他的身上散发着风沙扑面般的灼热气息。
吉尔斯亦在一瞬间打量着苏试——
恐惧或者顺从,在吉尔斯年轻的岁月中,他见过许多人,都可以归类为这两类。如果还有第三种类型,那么他们一定彼此厌烦,就如同他和外祖父克拉翁那样,一见面就如同雷与火。

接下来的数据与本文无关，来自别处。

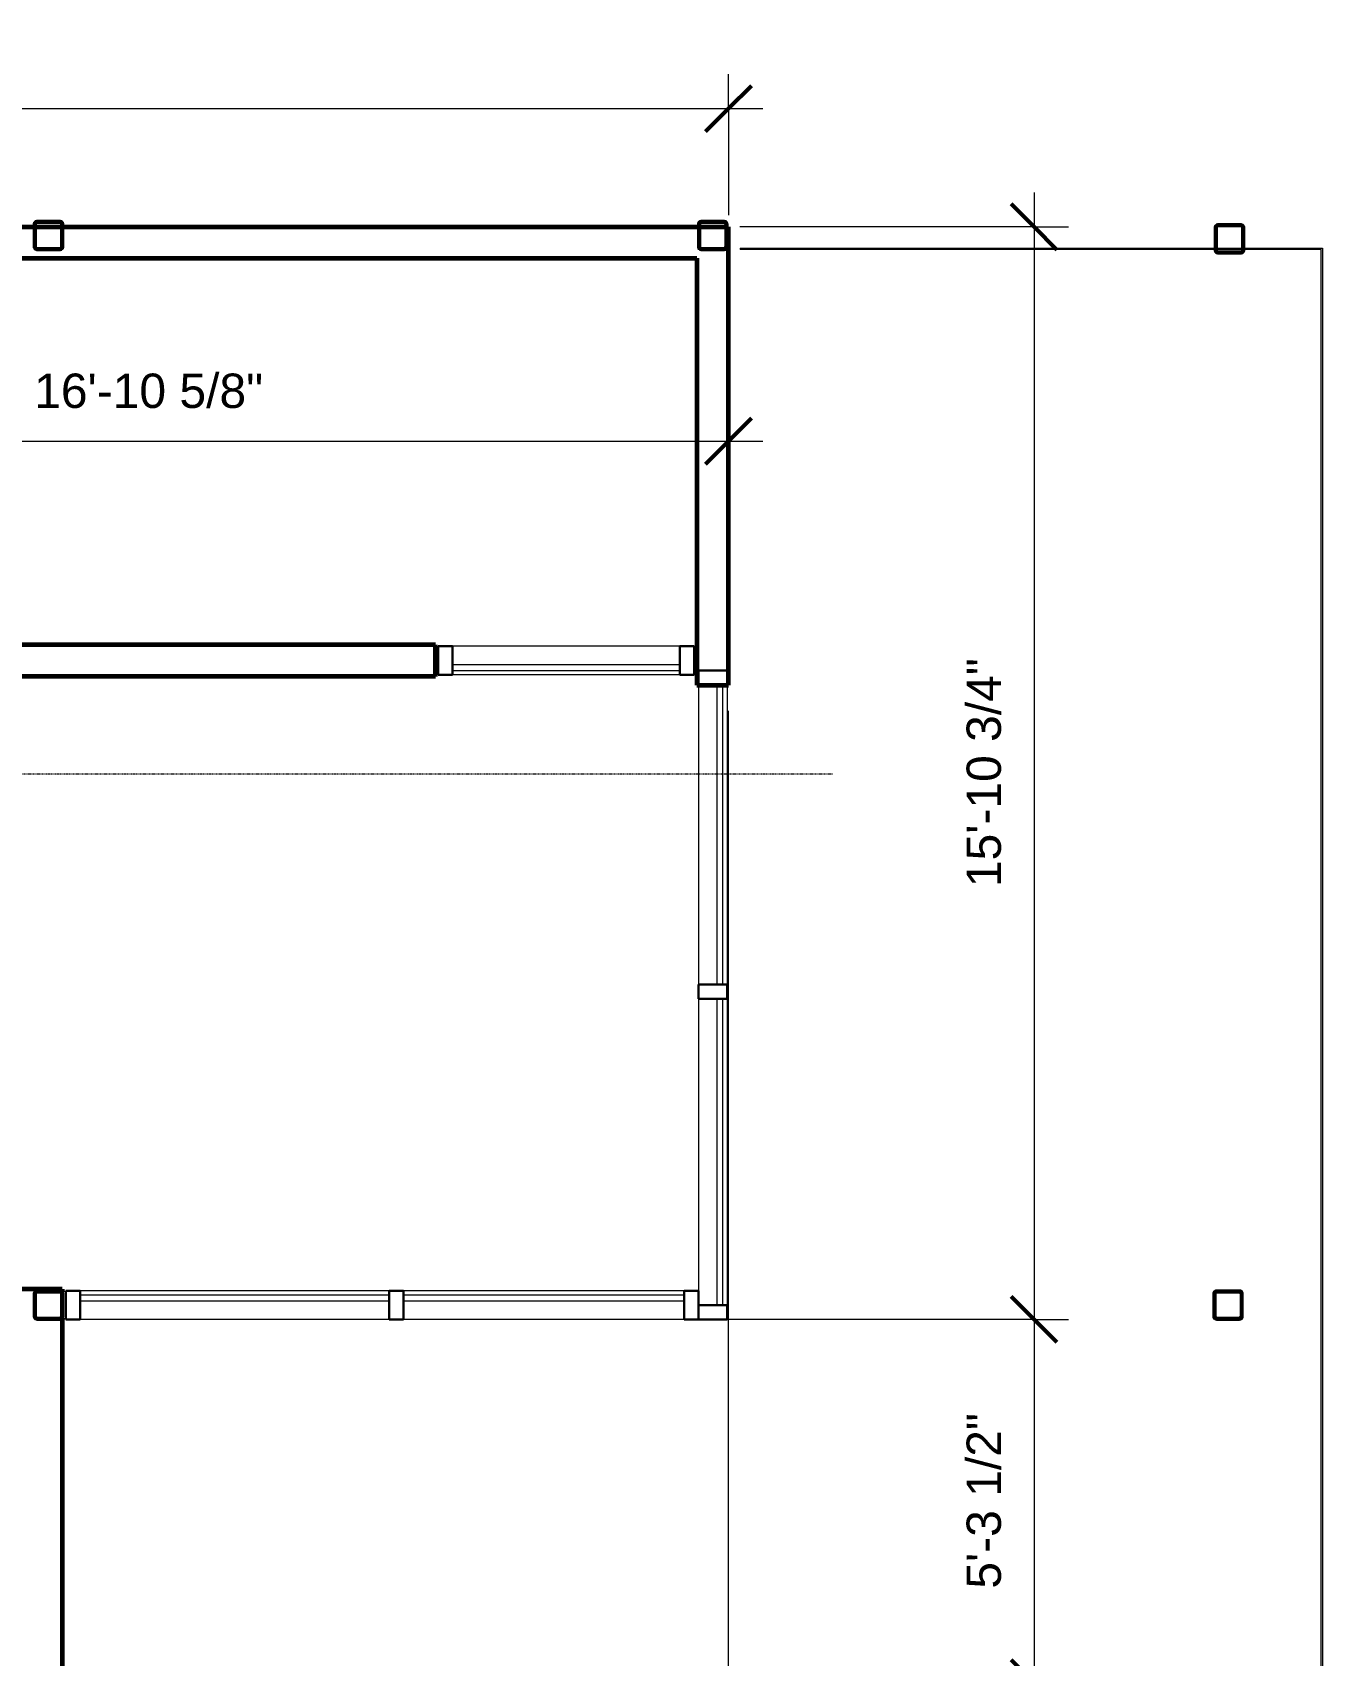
# Model space of a CAD drawing. Header units: inches. Extents: x -10318 to -7858, y -1627 to -453.
# Drawn here: x -9433.4 to -9208.1, y -1052.2 to -768.8 of the extents above; entities that cross this region are included whole.
import ezdxf

# ---------------------------------------------------------------- set-up
doc = ezdxf.new("R2010")
doc.units = ezdxf.units.IN
doc.header["$MEASUREMENT"] = 0
doc.linetypes.add('_Demolished', pattern=[0.1875, 0.125, -0.0625])
for name, color, linetype, lineweight in [('A-ANNO-DIMS', 211, 'Continuous', 9), ('A-ANNO-DIMS-64', 211, 'Continuous', 9), ('A-DETL', 90, 'Continuous', 9), ('A-DETL-MBND', 5, 'Continuous', 9), ('A-GLAZ-CURT', 52, 'Continuous', 9), ('A-GLAZ-CWMG', 51, 'Continuous', 9), ('A-WALL', 113, 'Continuous', 18), ('S-COLS', 52, 'Continuous', 9)]:
    doc.layers.add(name, color=color, linetype=linetype, lineweight=lineweight)
doc.styles.add('Arial', font='arial.ttf', dxfattribs={"height": 6})
doc.dimstyles.new('Linear_-_3_32__Arial', dxfattribs={"dimscale": 12, "dimtxt": 6.121556, "dimasz": 0.666667, "dimexe": 0.5, "dimexo": 0.333333, "dimgap": 0.333333, "dimtad": 1, "dimdec": 3, "dimrnd": 0.125, "dimzin": 3, "dimdsep": 46, "dimlunit": 4, "dimtxsty": 'Arial', "dimblk1": 'OBLIQUE', "dimblk2": 'OBLIQUE', "dimsah": 1, "dimcen": 0.09, "dimdle": 0.5, "dimazin": 0, "dimtfac": 1, "dimtdec": 4, "dimtix": 1, "dimtmove": 0, "dimatfit": 3, "dimfxl": 1, "dimtvp": 1, "dimtfill": 1, "dimfrac": 2, "dimtolj": 1, "dimtzin": 0, "dimarcsym": 2})

# ---------------------------------------------------------------- blocks, each defined once
blk = doc.blocks.new('System Panel - Glazed-7388217-3 Upper Dim')
at = {"layer": 'A-GLAZ-CURT', "lineweight": 18}
for p, q in [((19.83, -0.75), (-19.83, -0.75)), ((-19.83, -0.75), (-19.83, -1.75)), ((-19.83, -1.75), (19.83, -1.75)), ((19.83, -1.75), (19.83, -0.75))]:
    blk.add_line(p, q, dxfattribs=at)
blk = doc.blocks.new('System Panel - Glazed-7388218-3 Upper Dim')
at = {"layer": 'A-GLAZ-CURT', "lineweight": 18}
for p, q in [((26.75, -0.75), (-26.75, -0.75)), ((-26.75, -0.75), (-26.75, -1.75)), ((-26.75, -1.75), (26.75, -1.75)), ((26.75, -1.75), (26.75, -0.75))]:
    blk.add_line(p, q, dxfattribs=at)
blk = doc.blocks.new('Rectangular Mullion - 2_5_ x 5_ rectangular-7388219-3 Upper Dim')
at = {"layer": 'A-GLAZ-CWMG', "lineweight": 30}
for p, q in [((-2.5, 2.5), (0, 2.5)), ((-2.5, -2.5), (-2.5, 2.5)), ((0, 2.5), (0, -2.5)), ((0, -2.5), (-2.5, -2.5))]:
    blk.add_line(p, q, dxfattribs=at)
blk = doc.blocks.new('Rectangular Mullion - 2_5_ x 5_ rectangular-7388220-3 Upper Dim')
at = {"layer": 'A-GLAZ-CWMG', "lineweight": 30}
for p, q in [((0, 2.5), (-2.5, 2.5)), ((-2.5, 2.5), (-2.5, -2.5)), ((0, -2.5), (0, 2.5)), ((-2.5, -2.5), (0, -2.5))]:
    blk.add_line(p, q, dxfattribs=at)
blk = doc.blocks.new('Rectangular Mullion - 2_5_ x 5_ rectangular-7095914-3 Upper Dim')
at = {"layer": 'A-DETL-MBND'}
for p, q in [((-9320.35, -875.95), (-9360.02, -875.95)), ((-9320.35, -880.95), (-9360.02, -880.95))]:
    blk.add_line(p, q, dxfattribs=at)
blk = doc.blocks.new('System Panel - Glazed-7388221-3 Upper Dim')
at = {"layer": 'A-GLAZ-CURT', "lineweight": 18}
for p, q in [((27.01, 1.75), (-27.01, 1.75)), ((-27.01, 1.75), (-27.01, 0.75)), ((-27.01, 0.75), (27.01, 0.75)), ((27.01, 0.75), (27.01, 1.75))]:
    blk.add_line(p, q, dxfattribs=at)
blk = doc.blocks.new('Rectangular Mullion - 2_5_ x 5_ rectangular-7388224-3 Upper Dim')
at = {"layer": 'A-GLAZ-CWMG', "lineweight": 30}
for p, q in [((0, 2.5), (-2.5, 2.5)), ((-2.5, 2.5), (-2.5, -2.5)), ((0, -2.5), (0, 2.5)), ((-2.5, -2.5), (0, -2.5))]:
    blk.add_line(p, q, dxfattribs=at)
blk = doc.blocks.new('System Panel - Glazed-7388225-3 Upper Dim')
at = {"layer": 'A-GLAZ-CURT', "lineweight": 18}
for p, q in [((24.49, 1.75), (-24.49, 1.75)), ((-24.49, 1.75), (-24.49, 0.75)), ((-24.49, 0.75), (24.49, 0.75)), ((24.49, 0.75), (24.49, 1.75))]:
    blk.add_line(p, q, dxfattribs=at)
blk = doc.blocks.new('Rectangular Mullion - 2_5_ x 5_ rectangular-7011057-3 Upper Dim')
at = {"layer": 'A-DETL-MBND'}
for p, q in [((-9319.6, -988.49), (-9368.58, -988.49)), ((-9319.6, -993.49), (-9368.58, -993.49))]:
    blk.add_line(p, q, dxfattribs=at)
blk = doc.blocks.new('Rectangular Mullion - 2_5_ x 5_ rectangular-7388226-3 Upper Dim')
at = {"layer": 'A-GLAZ-CWMG', "lineweight": 30}
for p, q in [((-2.5, 2.5), (0, 2.5)), ((-2.5, -2.5), (-2.5, 2.5)), ((0, 2.5), (0, -2.5)), ((0, -2.5), (-2.5, -2.5))]:
    blk.add_line(p, q, dxfattribs=at)
blk = doc.blocks.new('HSS-Hollow Structural Section-Column - HSS5X5X1_4-7615109-3 Upper Dim')
at = {"layer": 'S-COLS'}
h = blk.add_hatch(dxfattribs=at)
h.set_pattern_fill('FP_4', color=256, style=0, pattern_type=2)
h.set_pattern_definition([(45, (8672.474, 795.411), (-6.335677, 6.335677), []), (45, (8672.474, 805.011), (-6.335677, 6.335677), [])])
h.paths.add_polyline_path([(-2.03, -2.5), (2.03, -2.5), (2.36, -2.36), (2.5, -2.03), (2.5, 2.03), (2.36, 2.36), (2.03, 2.5), (-2.03, 2.5), (-2.36, 2.36), (-2.5, 2.03), (-2.5, -2.03), (-2.36, -2.36)])
h.paths.add_polyline_path([(2.03, -2.27), (-2.03, -2.27), (-2.2, -2.2), (-2.27, -2.03), (-2.27, 2.03), (-2.2, 2.2), (-2.03, 2.27), (2.03, 2.27), (2.2, 2.2), (2.27, 2.03), (2.27, -2.03), (2.2, -2.2)])
at = {"layer": 'S-COLS', "lineweight": 40}
for p, q in [((-2.5, -2.03), (-2.5, 2.03)), ((-2.27, 2.03), (-2.27, -2.03)), ((-2.03, 2.5), (2.03, 2.5)), ((2.03, 2.27), (-2.03, 2.27)), ((2.27, -2.03), (2.27, 2.03)), ((2.5, 2.03), (2.5, -2.03)), ((-2.03, -2.27), (2.03, -2.27)), ((2.03, -2.5), (-2.03, -2.5))]:
    blk.add_line(p, q, dxfattribs=at)
for centre, radius, start, end in [((-2.03, 2.03), 0.466, 90, 180), ((-2.03, 2.03), 0.233, 90, 180), ((2.03, 2.03), 0.466, 0, 90), ((2.03, 2.03), 0.233, 0, 90), ((-2.03, -2.03), 0.466, 180, 270), ((-2.03, -2.03), 0.233, 180, 270), ((2.03, -2.03), 0.233, 270, 360), ((2.03, -2.03), 0.466, 270, 0)]:
    blk.add_arc(centre, radius, start, end, dxfattribs=at)
blk = doc.blocks.new('Rectangular Mullion - 2_5_ x 5_ rectangular-6655019-3 Upper Dim')
at = {"layer": 'A-DETL-MBND'}
for p, q in [((-9371.08, -988.49), (-9425.1, -988.49)), ((-9371.08, -993.49), (-9425.1, -993.49))]:
    blk.add_line(p, q, dxfattribs=at)
blk = doc.blocks.new('Rectangular Mullion - 2_5_ x 5_ rectangular-7388212-3 Upper Dim')
at = {"layer": 'A-GLAZ-CWMG', "lineweight": 30}
for p, q in [((-1.25, 2.5), (1.25, 2.5)), ((-1.25, -2.5), (-1.25, 2.5)), ((1.25, 2.5), (1.25, -2.5)), ((1.25, -2.5), (-1.25, -2.5))]:
    blk.add_line(p, q, dxfattribs=at)
blk = doc.blocks.new('System Panel - Glazed-7388230-3 Upper Dim')
at = {"layer": 'A-GLAZ-CURT', "lineweight": 18}
for p, q in [((26.14, -0.75), (-26.14, -0.75)), ((-26.14, -0.75), (-26.14, -1.75)), ((-26.14, -1.75), (26.14, -1.75)), ((26.14, -1.75), (26.14, -0.75))]:
    blk.add_line(p, q, dxfattribs=at)
blk = doc.blocks.new('Rectangular Mullion - 2_5_ x 5_ rectangular-7388213-3 Upper Dim')
at = {"layer": 'A-GLAZ-CWMG', "lineweight": 30}
for p, q in [((-1.25, 2.5), (1.25, 2.5)), ((-1.25, -2.5), (-1.25, 2.5)), ((1.25, 2.5), (1.25, -2.5)), ((1.25, -2.5), (-1.25, -2.5))]:
    blk.add_line(p, q, dxfattribs=at)
blk = doc.blocks.new('Rectangular Mullion - 2_5_ x 5_ rectangular-7311162-3 Upper Dim')
at = {"layer": 'A-DETL-MBND'}
for p, q in [((-9317.1, -882.74), (-9317.1, -934.99)), ((-9312.1, -882.74), (-9312.1, -934.99))]:
    blk.add_line(p, q, dxfattribs=at)
blk = doc.blocks.new('Rectangular Mullion - 2_5_ x 5_ rectangular-7270479-3 Upper Dim')
at = {"layer": 'A-DETL-MBND'}
for p, q in [((-9317.1, -937.49), (-9317.1, -988.49)), ((-9312.1, -937.49), (-9312.1, -990.99))]:
    blk.add_line(p, q, dxfattribs=at)
blk = doc.blocks.new('HSS-Hollow Structural Section-Column - HSS5X5X1_4-7652015-3 Upper Dim')
at = {"layer": 'S-COLS'}
h = blk.add_hatch(dxfattribs=at)
h.set_pattern_fill('FP_8', color=256, style=0, pattern_type=2)
h.set_pattern_definition([(45, (8878.724, 981.589), (-6.335677, 6.335677), []), (45, (8878.724, 991.189), (-6.335677, 6.335677), [])])
h.paths.add_polyline_path([(2.03, -2.5), (2.36, -2.36), (2.5, -2.03), (2.5, 2.03), (2.36, 2.36), (2.03, 2.5), (-2.03, 2.5), (-2.36, 2.36), (-2.5, 2.03), (-2.5, -2.03), (-2.36, -2.36), (-2.03, -2.5)])
h.paths.add_polyline_path([(2.03, -2.27), (-2.03, -2.27), (-2.2, -2.2), (-2.27, -2.03), (-2.27, 2.03), (-2.2, 2.2), (-2.03, 2.27), (2.03, 2.27), (2.2, 2.2), (2.27, 2.03), (2.27, -2.03), (2.2, -2.2)])
at = {"layer": 'S-COLS', "lineweight": 40}
for p, q in [((-2.5, 2.03), (-2.5, -2.03)), ((-2.27, -2.03), (-2.27, 2.03)), ((2.03, 2.5), (-2.03, 2.5)), ((-2.03, 2.27), (2.03, 2.27)), ((2.27, 2.03), (2.27, -2.03)), ((2.5, -2.03), (2.5, 2.03)), ((2.03, -2.27), (-2.03, -2.27)), ((-2.03, -2.5), (2.03, -2.5))]:
    blk.add_line(p, q, dxfattribs=at)
for centre, radius, start, end in [((-2.03, 2.03), 0.466, 90, 180), ((-2.03, 2.03), 0.233, 90, 180), ((2.03, 2.03), 0.466, 360, 90), ((2.03, 2.03), 0.233, 0, 90), ((-2.03, -2.03), 0.466, 180, 270), ((-2.03, -2.03), 0.233, 180, 270), ((2.03, -2.03), 0.466, 270, 360), ((2.03, -2.03), 0.233, 270, 360)]:
    blk.add_arc(centre, radius, start, end, dxfattribs=at)
blk = doc.blocks.new('HSS-Hollow Structural Section-Column - HSS5X5X1_4-7563599-3 Upper Dim')
at = {"layer": 'S-COLS'}
h = blk.add_hatch(dxfattribs=at)
h.set_pattern_fill('FP_10', color=256, style=0, pattern_type=2)
h.set_pattern_definition([(45, (8878.724, 794.803), (-6.335677, 6.335677), []), (45, (8878.724, 804.403), (-6.335677, 6.335677), [])])
h.paths.add_polyline_path([(2.03, -2.5), (2.36, -2.36), (2.5, -2.03), (2.5, 2.03), (2.36, 2.36), (2.03, 2.5), (-2.03, 2.5), (-2.36, 2.36), (-2.5, 2.03), (-2.5, -2.03), (-2.36, -2.36), (-2.03, -2.5)])
h.paths.add_polyline_path([(2.03, -2.27), (-2.03, -2.27), (-2.2, -2.2), (-2.27, -2.03), (-2.27, 2.03), (-2.2, 2.2), (-2.03, 2.27), (2.03, 2.27), (2.2, 2.2), (2.27, 2.03), (2.27, -2.03), (2.2, -2.2)])
at = {"layer": 'S-COLS', "lineweight": 40}
for p, q in [((-2.5, 2.03), (-2.5, -2.03)), ((-2.27, -2.03), (-2.27, 2.03)), ((2.03, 2.5), (-2.03, 2.5)), ((-2.03, 2.27), (2.03, 2.27)), ((2.27, 2.03), (2.27, -2.03)), ((2.5, -2.03), (2.5, 2.03)), ((2.03, -2.27), (-2.03, -2.27)), ((-2.03, -2.5), (2.03, -2.5))]:
    blk.add_line(p, q, dxfattribs=at)
for centre, radius, start, end in [((-2.03, 2.03), 0.466, 90, 180), ((-2.03, 2.03), 0.233, 90, 180), ((2.03, 2.03), 0.466, 360, 90), ((2.03, 2.03), 0.233, 0, 90), ((-2.03, -2.03), 0.466, 180, 270), ((-2.03, -2.03), 0.233, 180, 270), ((2.03, -2.03), 0.233, 270, 360), ((2.03, -2.03), 0.466, 270, 360)]:
    blk.add_arc(centre, radius, start, end, dxfattribs=at)
blk = doc.blocks.new('HSS-Hollow Structural Section-Column - HSS5X5X1_4-7618659-3 Upper Dim')
at = {"layer": 'S-COLS'}
h = blk.add_hatch(dxfattribs=at)
h.set_pattern_fill('FP_11', color=256, style=0, pattern_type=2)
h.set_pattern_definition([(45, (8762.724, 794.803), (-6.335677, 6.335677), []), (45, (8762.724, 804.403), (-6.335677, 6.335677), [])])
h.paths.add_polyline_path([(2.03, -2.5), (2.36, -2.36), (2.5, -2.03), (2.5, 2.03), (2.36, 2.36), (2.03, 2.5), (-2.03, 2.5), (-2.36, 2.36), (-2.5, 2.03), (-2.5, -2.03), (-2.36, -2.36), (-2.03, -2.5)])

但在眼前的少年眼中,吉尔斯并没有看到以往见惯了的情绪,他的目光就像月中的海,宁静、温和,充满不驯服的力量。
吉尔斯凑近那双眼睛,试图看清暗流与风暴。
他的鼻尖几乎隔着布料贴上苏试的。
月光照亮两人的侧面,将影子在嶙峋屋瓦上揉成一团。
“……”
苏试紧绷着身体,全神贯注地等待着对方的破绽。
他的颈部动脉在吉尔斯掌下怦怦跳,并不是由于紧张,而是因为血液回流受阻。
纤细的脖颈,温软又滑腻,像抓着一只小奶豹。
……太小了,吉尔斯心想,长大一点会更耐搞。
吉尔斯低头咬住苏试鼻梁上的布料,扯下他脸上的面罩。
十四岁的少年,正是琼浆玉露的年纪,月光下的肌肤,凝白中透出媚色。
他的眼神像水露,可以随心所欲地在人们的心中撒下欢乐与灾祸。
但他驯服了他的美,好像将猛虎囚禁在缠绕粉色蔷薇的牢笼中。
他始终保持着一种呼之欲出之感。
“你这小子长得还真……”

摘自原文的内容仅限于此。